Remembering that there has been a lot of research done on this and a lot of science, and we still have not enough people with access to treatment. Often times, families are spending hundreds of thousands of dollars to send people to out-of-state rehabs that don’t even offer the kind of treatment that science says is the best.
I have a piece coming out in The Atlantic about a treatment innovator I have been covering for a couple years, a young woman who has cracked the code of treatment in rural areas, where there are a lot of cultural and financial barriers. That’s an interesting story I’ll be talking about.

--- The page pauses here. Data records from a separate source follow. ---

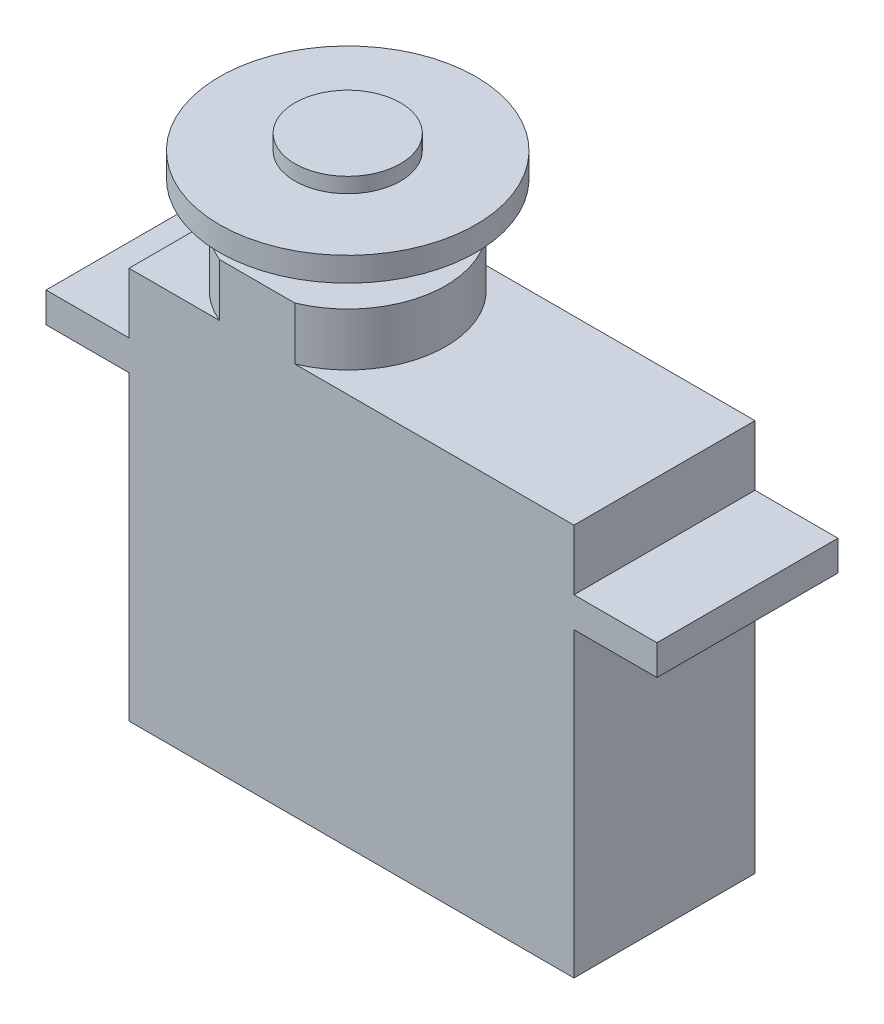
from build123d import *

# Parameters (mm, degrees)
VYSUNOUT1_DEPTH          = 6
ODEBRAT_START            = -29.5
ODEBRAT_VYSUNUT_M2_DEPTH = 3.5


# Read off the part's stored shape, not the designer's step: Odebrat vysunutím2
with BuildPart() as part:
    # Skica1 → Vysunout1 (new, symmetric)
    with BuildSketch(Plane.XY):
        Polygon((-8.5, 0), (21, 0), (21, 20), (26.5, 20), (26.5, 22), (21, 22), (21, 26), (-8.5, 26), (-8.5, 22), (-14, 22), (-14, 20), (-8.5, 20), align=None)
    extrude(amount=VYSUNOUT1_DEPTH, both=True)

    # Skica2 → Rotovat1 (revolve)
    with BuildSketch(Plane.XY, mode=Mode.PRIVATE) as rotovat1_sk:
        Polygon((-6.5, 26), (-6.5, 29.5), (-4, 29.5), (-4, 32.4), (-8.5, 32.4), (-8.5, 34), (-3.5, 34), (-3.5, 35), (0, 35), (0, 26), align=None)
    revolve(rotovat1_sk.sketch.rotate(Axis((0, 0, 0), (0, 1, 0)), 270), axis=Axis((0, 0, 0), (0, 1, 0)))

    # Odebrat vysunutím2 outline → Odebrat vysunutím2 (cut)
    with BuildSketch(Plane.XZ.offset(ODEBRAT_START)):
        with BuildLine():
            Line((-2.5, 6), (2.5, 6))
            ThreePointArc((2.5, 6), (0, 6.5), (-2.5, 6))
        make_face()
        with BuildLine():
            Line((2.5, -6), (-2.5, -6))
            ThreePointArc((-2.5, -6), (0, -6.5), (2.5, -6))
        make_face()
    extrude(amount=ODEBRAT_VYSUNUT_M2_DEPTH, mode=Mode.SUBTRACT)


solid = part.part

One of the things she’s done is manage to merge healthcare and criminal justice. So often, people fall into this gap between healthcare and criminal justice, between treating people as patients or as criminals. She found a creative way to do that, and that’s what I’m all about—solutions. I’ll be spotlighting some unexpected heroes in my new book, and she’s one of them. When communities come together and try things that haven’t been done before and have success, you see people getting excited for the first time. We had a huge hospital, a nonprofit corporation, and I called them out: “You should be doing buprenorphine in the ER.” They said, “That’s not our purview. We don’t believe in treating one drug with another drug.” They started doing it and two years after I saw people being turned away right and left, never treated for their substance use, there’s a front-page story in our paper today about what great success they’re having and how they’re now trying to help other hospitals. When people start having success after they’ve been sort of hopeless, they become evangelists. That’s what I want to do.